━━━━━ Input

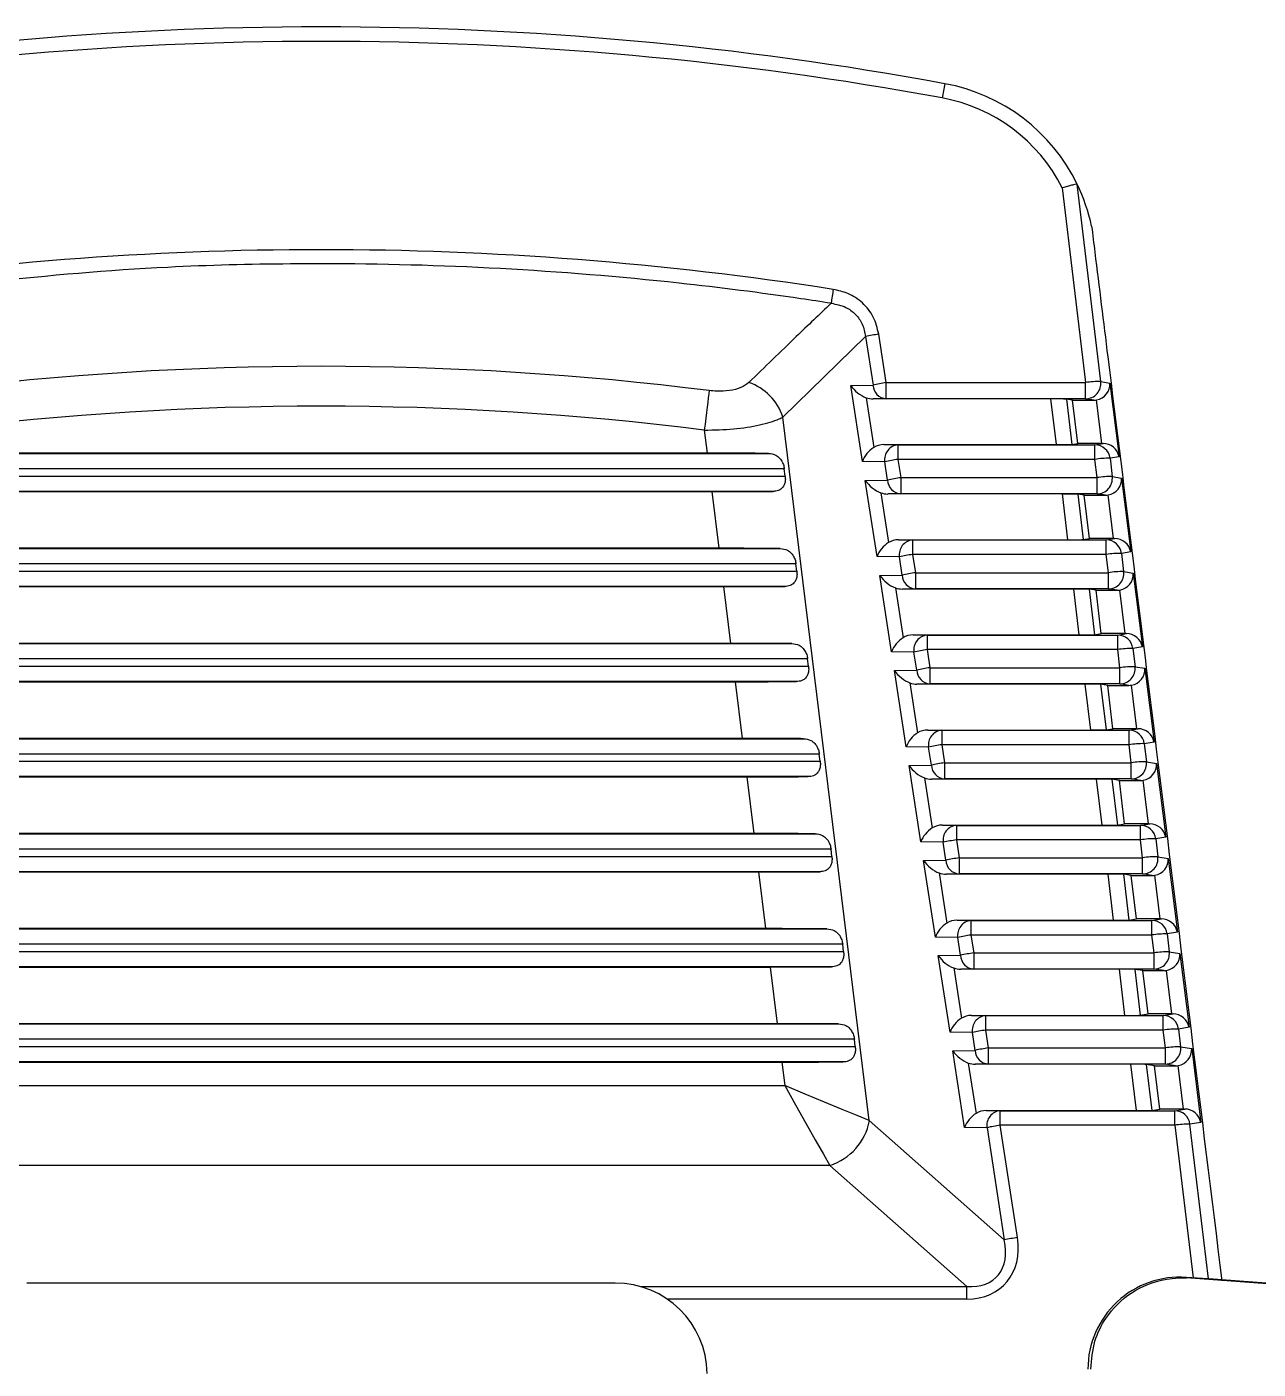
# Model space of a CAD drawing. Extents: x 7 to 135, y 3 to 97.
# Drawn here: x 57.004 to 57.807, y 45.727 to 46.602 of the extents above; entities that cross this region are included whole.
import ezdxf

# ---------------------------------------------------------------- set-up
doc = ezdxf.new("R2010")
doc.units = 0
doc.header["$MEASUREMENT"] = 0
doc.layers.add('OBJECT', color=7, linetype='CONTINUOUS')

msp = doc.modelspace()

# ---------------------------------------------------------------- linework, layer by layer
at = {"layer": 'OBJECT'}
for p, q in [((57.67956, 46.49701), (57.6948, 46.37002)), ((57.70471, 46.37071), (57.68927, 46.4994)), ((57.68927, 46.4994), (57.68929, 46.49937)), ((57.49744, 46.34757), (57.55131, 46.40004)), ((57.55131, 46.40004), (57.55616, 46.36844)), ((57.56476, 46.37002), (57.55991, 46.40162)), ((57.56476, 46.37002), (57.6948, 46.37002)), ((57.56476, 46.3595), (57.56476, 46.37002)), ((57.6948, 46.3595), (57.6948, 46.37002)), ((57.70471, 46.37071), (57.71066, 46.36975)), ((57.71066, 46.36975), (57.71656, 46.32167)), ((57.54163, 46.36822), (57.55616, 46.36844)), ((57.54924, 46.31863), (57.54163, 46.36822)), ((57.55171, 46.36018), (57.55668, 46.32776)), ((57.56476, 46.3595), (57.5563, 46.35937)), ((57.67221, 46.35937), (57.5563, 46.35937)), ((57.6948, 46.3595), (57.56476, 46.3595)), ((57.67578, 46.3296), (57.67221, 46.35937)), ((57.68633, 46.35862), (57.68222, 46.35929)), ((57.68222, 46.35929), (57.68577, 46.32969)), ((57.68633, 46.35862), (57.70021, 46.35862)), ((57.6898, 46.33037), (57.68633, 46.35862)), ((57.70021, 46.35862), (57.6948, 46.3595)), ((57.70543, 46.33037), (57.70194, 46.35877)), ((57.55376, 45.88882), (57.49744, 46.34757)), ((57.44613, 46.33904), (57.44798, 46.32399)), ((57.56332, 46.3296), (57.57244, 46.32947)), ((57.56332, 46.3296), (57.67578, 46.3296)), ((57.57244, 46.32947), (57.57244, 46.32)), ((57.57244, 46.32947), (57.7008, 46.32947)), ((57.68577, 46.32969), (57.6898, 46.33037)), ((57.70543, 46.33037), (57.6898, 46.33037)), ((57.7008, 46.32947), (57.70614, 46.33037)), ((57.7008, 46.32), (57.7008, 46.32947)), ((56.90463, 46.32386), (57.48808, 46.32386)), ((57.44798, 46.32399), (56.94473, 46.32399)), ((57.56384, 46.31841), (57.54924, 46.31863)), ((57.56567, 46.30647), (57.56384, 46.31841)), ((57.57244, 46.32), (57.57427, 46.30805)), ((57.7008, 46.32), (57.57244, 46.32)), ((57.70223, 46.30805), (57.7008, 46.32)), ((57.71656, 46.32167), (57.71071, 46.32069)), ((57.71071, 46.32069), (57.71215, 46.30874)), ((56.8938, 46.30912), (57.49891, 46.30912)), ((57.49832, 46.31386), (56.89439, 46.31386)), ((57.49891, 46.30912), (57.49832, 46.31386)), ((57.57427, 46.30805), (57.57427, 46.29752)), ((57.57427, 46.30805), (57.70223, 46.30805)), ((57.70223, 46.29752), (57.70223, 46.30805)), ((57.71215, 46.30874), (57.71827, 46.30775)), ((57.71827, 46.30775), (57.72417, 46.25967)), ((57.49112, 46.29912), (56.90159, 46.29912)), ((56.94166, 46.29899), (57.45105, 46.29899)), ((57.45105, 46.29899), (57.45559, 46.26199)), ((57.55114, 46.30625), (57.56567, 46.30647)), ((57.55877, 46.2566), (57.55114, 46.30625)), ((57.56122, 46.29821), (57.5662, 46.26573)), ((57.57427, 46.29752), (57.56581, 46.2974)), ((57.67965, 46.2974), (57.56581, 46.2974)), ((57.70223, 46.29752), (57.57427, 46.29752)), ((57.68323, 46.26758), (57.67965, 46.2974)), ((57.69395, 46.29662), (57.68965, 46.29732)), ((57.68965, 46.29732), (57.69321, 46.26766)), ((57.69395, 46.29662), (57.70782, 46.29662)), ((57.69742, 46.26837), (57.69395, 46.29662)), ((57.70782, 46.29662), (57.70223, 46.29752)), ((57.71304, 46.26837), (57.70955, 46.29677)), ((57.57284, 46.26758), (57.58196, 46.26744)), ((57.57284, 46.26758), (57.68323, 46.26758)), ((57.58196, 46.26744), (57.58196, 46.25797)), ((57.58196, 46.26744), (57.70824, 46.26744)), ((57.69321, 46.26766), (57.69742, 46.26837)), ((57.71304, 46.26837), (57.69742, 46.26837)), ((57.70824, 46.26744), (57.71375, 46.26837)), ((57.70824, 46.25797), (57.70824, 46.26744)), ((56.89702, 46.26186), (57.49569, 46.26186)), ((57.45559, 46.26199), (56.93712, 46.26199)), ((57.57336, 46.25639), (57.55877, 46.2566)), ((57.57519, 46.2445), (57.57336, 46.25639)), ((57.58196, 46.25797), (57.58378, 46.24608)), ((57.70824, 46.25797), (57.58196, 46.25797)), ((57.70967, 46.24608), (57.70824, 46.25797)), ((57.72417, 46.25967), (57.71816, 46.25866)), ((57.71816, 46.25866), (57.71958, 46.24677)), ((56.88619, 46.24712), (57.50652, 46.24712)), ((57.50594, 46.25186), (56.88677, 46.25186)), ((57.50652, 46.24712), (57.50594, 46.25186)), ((57.71958, 46.24677), (57.72588, 46.24575)), ((57.56066, 46.24428), (57.57519, 46.2445)), ((57.56829, 46.19457), (57.56066, 46.24428)), ((57.58378, 46.24608), (57.58378, 46.23555)), ((57.58378, 46.24608), (57.70967, 46.24608)), ((57.70967, 46.23555), (57.70967, 46.24608)), ((57.72588, 46.24575), (57.73178, 46.19767)), ((57.49873, 46.23712), (56.89398, 46.23712)), ((56.93405, 46.23699), (57.45866, 46.23699)), ((57.45866, 46.23699), (57.46321, 46.19999)), ((57.57073, 46.23624), (57.57572, 46.2037)), ((57.58378, 46.23555), (57.57532, 46.23543)), ((57.68708, 46.23543), (57.57532, 46.23543)), ((57.70967, 46.23555), (57.58378, 46.23555)), ((57.69067, 46.20555), (57.68708, 46.23543)), ((57.70156, 46.23462), (57.69709, 46.23534)), ((57.69709, 46.23534), (57.70065, 46.20563)), ((57.70156, 46.23462), (57.71543, 46.23462)), ((57.70503, 46.20637), (57.70156, 46.23462)), ((57.71543, 46.23462), (57.70967, 46.23555)), ((57.72065, 46.20637), (57.71717, 46.23477)), ((57.58236, 46.20555), (57.59148, 46.20541)), ((57.58236, 46.20555), (57.69067, 46.20555)), ((57.59148, 46.20541), (57.59148, 46.19594)), ((57.59148, 46.20541), (57.71569, 46.20541)), ((57.70065, 46.20563), (57.70503, 46.20637)), ((57.72065, 46.20637), (57.70503, 46.20637)), ((57.71569, 46.20541), (57.72136, 46.20637)), ((57.71569, 46.19594), (57.71569, 46.20541)), ((56.88941, 46.19986), (57.50331, 46.19986)), ((57.46321, 46.19999), (56.92951, 46.19999)), ((57.58288, 46.19436), (57.56829, 46.19457)), ((57.5847, 46.18253), (57.58288, 46.19436)), ((57.59148, 46.19594), (57.59329, 46.18411)), ((57.71569, 46.19594), (57.59148, 46.19594)), ((57.71711, 46.18411), (57.71569, 46.19594)), ((57.73178, 46.19767), (57.7256, 46.19663)), ((57.7256, 46.19663), (57.72702, 46.1848)), ((57.51355, 46.18986), (56.87916, 46.18986)), ((57.51413, 46.18512), (57.51355, 46.18986)), ((56.87858, 46.18512), (57.51413, 46.18512)), ((57.57017, 46.18231), (57.5847, 46.18253)), ((57.57781, 46.13255), (57.57017, 46.18231)), ((57.59329, 46.18411), (57.59329, 46.17358)), ((57.59329, 46.18411), (57.71711, 46.18411)), ((57.71711, 46.17358), (57.71711, 46.18411)), ((57.72702, 46.1848), (57.73349, 46.18375)), ((57.73349, 46.18375), (57.7394, 46.13567)), ((57.50634, 46.17513), (56.88637, 46.17513)), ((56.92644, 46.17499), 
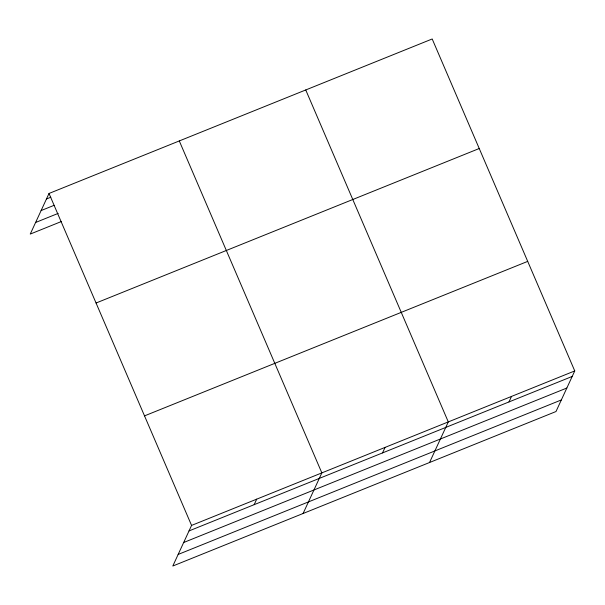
<?xml version="1.0" encoding="UTF-8"?>
<svg xmlns="http://www.w3.org/2000/svg" width="605" height="605" viewBox="0 0 605 605"><rect width="100%" height="100%" fill="white"/><g stroke="black" fill="none" stroke-linecap="round" stroke-linejoin="round"><path stroke-width="0.91" d="M574.75 370.925L191.566 525.42L172.803 566.023L555.987 411.536L574.75 370.925L432.197 38.977L49.013 193.464L30.25 234.074L61.521 221.468M254.16 504.676L256.709 499.155M303.09 513.494L321.845 472.891L179.292 140.942M382.526 452.918L385.075 447.405M429.535 462.515L448.297 421.912L305.744 89.956M508.979 401.939L511.527 396.419M46.464 198.984L50.805 197.23M41.11 210.563L54.14 205.307M35.597 222.489L58.186 213.391M96.051 303.014L479.236 148.52M144.519 415.877L527.704 261.383M189.017 530.933L572.201 376.446M183.663 542.511L566.847 388.024M178.157 554.445L561.342 399.95M49.013 193.464L191.566 525.42"/></g></svg>

━━━━━━━━━━

### Task prompt
Apply a filter for "OBJECT" to the data above, then copy each line that matches.

### Task answer
doc.layers.add('OBJECT', color=7, linetype='CONTINUOUS')
at = {"layer": 'OBJECT'}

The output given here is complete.